When the lifeboat arrived on scene, the single person on board the 20 foot casualty vessel appeared to be limited in their ability to assist and remained in place at the stern of the boat whilst the lifeboat crew got to work.

It was decided to try and place one crewmember aboard the casualty with the tow rope; this proved to be an extremely difficult manoeuvre as the casualty was slewing dangerously from side to side. After several tries, crewmember & local Harbourmaster Paul Allen was transferred to the casualty with the rope. During this period, both the casualty and lifeboat were awash with breaking seas. The Coxswain had decided to keep the lifeboat head up into the harbour and stern onto sea as this was deemed to be the safest option as it would have been extremely dangerous to tow the boat out to sea and then back into the harbour. Paul Allen was constantly being washed over by breaking seas but managed to secure the tow rope. With the tow rope secure, the coxswain put weight onto the tow and turned the casualty head up into the harbour; while this was happening several heavy swells broke over both
boats, dumping considerable amounts of water into the casualty.

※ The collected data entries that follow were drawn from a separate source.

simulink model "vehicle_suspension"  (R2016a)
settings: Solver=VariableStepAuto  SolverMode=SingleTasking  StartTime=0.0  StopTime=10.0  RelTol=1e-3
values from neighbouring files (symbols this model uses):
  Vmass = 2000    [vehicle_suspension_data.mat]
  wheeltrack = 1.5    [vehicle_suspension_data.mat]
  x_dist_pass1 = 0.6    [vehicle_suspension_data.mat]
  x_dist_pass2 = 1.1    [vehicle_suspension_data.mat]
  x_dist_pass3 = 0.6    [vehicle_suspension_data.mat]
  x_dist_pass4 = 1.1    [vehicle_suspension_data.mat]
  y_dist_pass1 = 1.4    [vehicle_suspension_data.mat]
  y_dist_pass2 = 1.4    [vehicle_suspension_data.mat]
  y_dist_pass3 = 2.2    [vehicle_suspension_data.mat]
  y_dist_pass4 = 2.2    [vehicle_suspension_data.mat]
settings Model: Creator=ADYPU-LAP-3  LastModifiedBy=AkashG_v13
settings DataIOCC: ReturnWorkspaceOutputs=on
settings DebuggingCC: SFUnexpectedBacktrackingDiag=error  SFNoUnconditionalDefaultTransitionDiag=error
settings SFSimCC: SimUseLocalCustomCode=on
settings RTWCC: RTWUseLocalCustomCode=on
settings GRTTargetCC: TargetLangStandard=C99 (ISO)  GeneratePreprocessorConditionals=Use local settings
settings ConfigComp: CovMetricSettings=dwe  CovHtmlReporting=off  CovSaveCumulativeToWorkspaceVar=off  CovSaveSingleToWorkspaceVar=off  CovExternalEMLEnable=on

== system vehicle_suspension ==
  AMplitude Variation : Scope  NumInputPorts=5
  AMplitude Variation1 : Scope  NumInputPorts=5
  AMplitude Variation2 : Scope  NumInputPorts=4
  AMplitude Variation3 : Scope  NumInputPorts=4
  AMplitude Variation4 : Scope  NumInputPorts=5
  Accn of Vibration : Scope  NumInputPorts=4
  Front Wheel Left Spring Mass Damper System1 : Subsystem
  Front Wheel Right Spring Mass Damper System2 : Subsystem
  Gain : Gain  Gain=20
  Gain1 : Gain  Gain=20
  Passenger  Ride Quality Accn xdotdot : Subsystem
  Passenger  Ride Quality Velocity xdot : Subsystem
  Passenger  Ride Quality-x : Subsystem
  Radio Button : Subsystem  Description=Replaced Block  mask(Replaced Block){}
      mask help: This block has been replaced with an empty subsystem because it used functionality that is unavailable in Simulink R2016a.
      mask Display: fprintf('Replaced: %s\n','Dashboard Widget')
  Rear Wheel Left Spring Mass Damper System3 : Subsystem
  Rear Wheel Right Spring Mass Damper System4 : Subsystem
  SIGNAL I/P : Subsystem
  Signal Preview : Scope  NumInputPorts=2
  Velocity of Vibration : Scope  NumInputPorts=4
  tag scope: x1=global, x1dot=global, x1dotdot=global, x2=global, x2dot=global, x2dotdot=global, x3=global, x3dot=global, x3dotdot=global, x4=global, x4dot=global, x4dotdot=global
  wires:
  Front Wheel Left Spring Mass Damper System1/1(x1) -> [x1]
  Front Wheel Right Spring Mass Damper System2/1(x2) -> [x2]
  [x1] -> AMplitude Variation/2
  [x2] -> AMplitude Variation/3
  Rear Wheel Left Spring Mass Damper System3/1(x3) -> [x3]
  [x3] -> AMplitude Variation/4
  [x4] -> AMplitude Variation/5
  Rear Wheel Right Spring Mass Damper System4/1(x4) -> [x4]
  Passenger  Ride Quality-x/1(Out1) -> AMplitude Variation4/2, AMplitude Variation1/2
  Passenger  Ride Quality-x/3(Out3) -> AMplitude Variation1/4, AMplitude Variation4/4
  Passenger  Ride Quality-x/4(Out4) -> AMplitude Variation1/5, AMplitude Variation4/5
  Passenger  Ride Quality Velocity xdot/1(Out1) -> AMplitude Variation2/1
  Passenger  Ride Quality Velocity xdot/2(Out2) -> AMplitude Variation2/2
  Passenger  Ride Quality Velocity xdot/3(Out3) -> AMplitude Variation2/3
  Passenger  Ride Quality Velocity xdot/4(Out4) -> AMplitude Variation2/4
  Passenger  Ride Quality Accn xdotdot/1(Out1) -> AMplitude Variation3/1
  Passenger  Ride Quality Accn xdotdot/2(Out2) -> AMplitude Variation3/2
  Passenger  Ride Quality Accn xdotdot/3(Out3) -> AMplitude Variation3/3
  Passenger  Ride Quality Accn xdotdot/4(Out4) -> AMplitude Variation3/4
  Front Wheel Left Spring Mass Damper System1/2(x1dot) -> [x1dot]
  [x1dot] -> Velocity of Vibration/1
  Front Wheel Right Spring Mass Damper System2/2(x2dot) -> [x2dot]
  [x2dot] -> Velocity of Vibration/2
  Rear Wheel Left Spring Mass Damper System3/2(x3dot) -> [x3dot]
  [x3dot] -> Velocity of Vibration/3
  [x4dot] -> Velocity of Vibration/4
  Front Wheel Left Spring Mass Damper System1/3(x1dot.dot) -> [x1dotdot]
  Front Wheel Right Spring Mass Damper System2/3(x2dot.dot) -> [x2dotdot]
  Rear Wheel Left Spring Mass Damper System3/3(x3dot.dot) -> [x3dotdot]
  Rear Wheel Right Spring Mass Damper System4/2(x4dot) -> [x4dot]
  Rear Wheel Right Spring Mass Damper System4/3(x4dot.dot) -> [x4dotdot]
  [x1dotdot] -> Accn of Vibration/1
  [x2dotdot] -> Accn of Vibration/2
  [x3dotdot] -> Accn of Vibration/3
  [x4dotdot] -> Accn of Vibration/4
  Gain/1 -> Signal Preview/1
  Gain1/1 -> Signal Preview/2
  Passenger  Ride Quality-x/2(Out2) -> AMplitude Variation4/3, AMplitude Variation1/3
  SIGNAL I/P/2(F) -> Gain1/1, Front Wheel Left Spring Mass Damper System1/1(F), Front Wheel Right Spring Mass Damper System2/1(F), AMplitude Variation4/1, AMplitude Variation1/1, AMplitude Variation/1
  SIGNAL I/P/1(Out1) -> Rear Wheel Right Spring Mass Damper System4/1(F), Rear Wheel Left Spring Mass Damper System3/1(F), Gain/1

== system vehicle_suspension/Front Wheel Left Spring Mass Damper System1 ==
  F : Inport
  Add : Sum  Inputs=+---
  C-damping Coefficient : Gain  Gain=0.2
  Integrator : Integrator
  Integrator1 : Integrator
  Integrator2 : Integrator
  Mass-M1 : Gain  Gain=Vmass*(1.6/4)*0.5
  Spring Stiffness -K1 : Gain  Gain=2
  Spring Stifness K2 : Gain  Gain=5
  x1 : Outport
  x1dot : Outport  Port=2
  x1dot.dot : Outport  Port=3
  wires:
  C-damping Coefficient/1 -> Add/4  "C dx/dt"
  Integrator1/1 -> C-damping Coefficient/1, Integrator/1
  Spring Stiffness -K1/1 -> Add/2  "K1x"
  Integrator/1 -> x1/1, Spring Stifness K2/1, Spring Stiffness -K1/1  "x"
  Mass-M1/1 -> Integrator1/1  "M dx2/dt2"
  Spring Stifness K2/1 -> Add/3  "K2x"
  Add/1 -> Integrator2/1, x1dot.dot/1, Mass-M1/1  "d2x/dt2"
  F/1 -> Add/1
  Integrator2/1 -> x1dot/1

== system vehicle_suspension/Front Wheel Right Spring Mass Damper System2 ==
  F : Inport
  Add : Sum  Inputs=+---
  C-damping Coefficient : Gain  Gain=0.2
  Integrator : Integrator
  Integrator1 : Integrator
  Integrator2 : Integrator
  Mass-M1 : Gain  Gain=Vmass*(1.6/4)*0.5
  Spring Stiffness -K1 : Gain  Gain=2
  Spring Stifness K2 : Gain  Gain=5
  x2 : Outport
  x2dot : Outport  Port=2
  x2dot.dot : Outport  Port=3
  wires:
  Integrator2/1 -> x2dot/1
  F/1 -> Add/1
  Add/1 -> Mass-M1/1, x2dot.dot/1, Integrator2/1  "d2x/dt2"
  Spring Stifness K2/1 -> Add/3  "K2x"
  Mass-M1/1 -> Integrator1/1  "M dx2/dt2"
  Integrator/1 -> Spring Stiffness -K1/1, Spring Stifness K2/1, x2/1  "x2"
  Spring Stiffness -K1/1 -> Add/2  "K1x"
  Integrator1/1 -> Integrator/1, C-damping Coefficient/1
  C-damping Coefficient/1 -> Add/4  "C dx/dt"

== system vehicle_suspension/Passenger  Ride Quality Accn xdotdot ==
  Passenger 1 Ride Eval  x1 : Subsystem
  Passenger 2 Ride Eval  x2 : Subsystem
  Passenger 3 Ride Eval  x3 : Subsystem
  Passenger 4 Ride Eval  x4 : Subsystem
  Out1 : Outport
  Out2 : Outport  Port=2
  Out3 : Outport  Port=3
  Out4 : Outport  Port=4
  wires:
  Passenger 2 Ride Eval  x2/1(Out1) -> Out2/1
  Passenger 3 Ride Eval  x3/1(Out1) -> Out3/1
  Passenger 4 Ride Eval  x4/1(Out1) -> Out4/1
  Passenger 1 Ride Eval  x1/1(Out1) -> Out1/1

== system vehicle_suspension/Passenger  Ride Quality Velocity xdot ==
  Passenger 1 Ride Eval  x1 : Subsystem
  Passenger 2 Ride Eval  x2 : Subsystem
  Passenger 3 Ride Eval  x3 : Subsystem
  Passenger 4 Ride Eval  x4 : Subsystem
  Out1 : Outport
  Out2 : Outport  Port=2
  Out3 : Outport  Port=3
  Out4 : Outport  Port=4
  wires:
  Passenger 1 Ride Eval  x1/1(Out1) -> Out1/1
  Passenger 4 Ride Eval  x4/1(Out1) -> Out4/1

As the boats cleared up river away from the swell, a rope was observed to be dragging astern of the casualty, this was the anchor rope with the anchor still attached. Coming alongside at the marina, the anchor took hold preventing the boats from berthing; however this was soon overcome and the casualty safely berthed along side.

Commenting on the rescue RNLI Second Coxswain John Wingfield said “To bring this operation to a safe conclusion required seamanship and teamwork of the highest order from all the crew of to save the life of the casualty in those conditions.”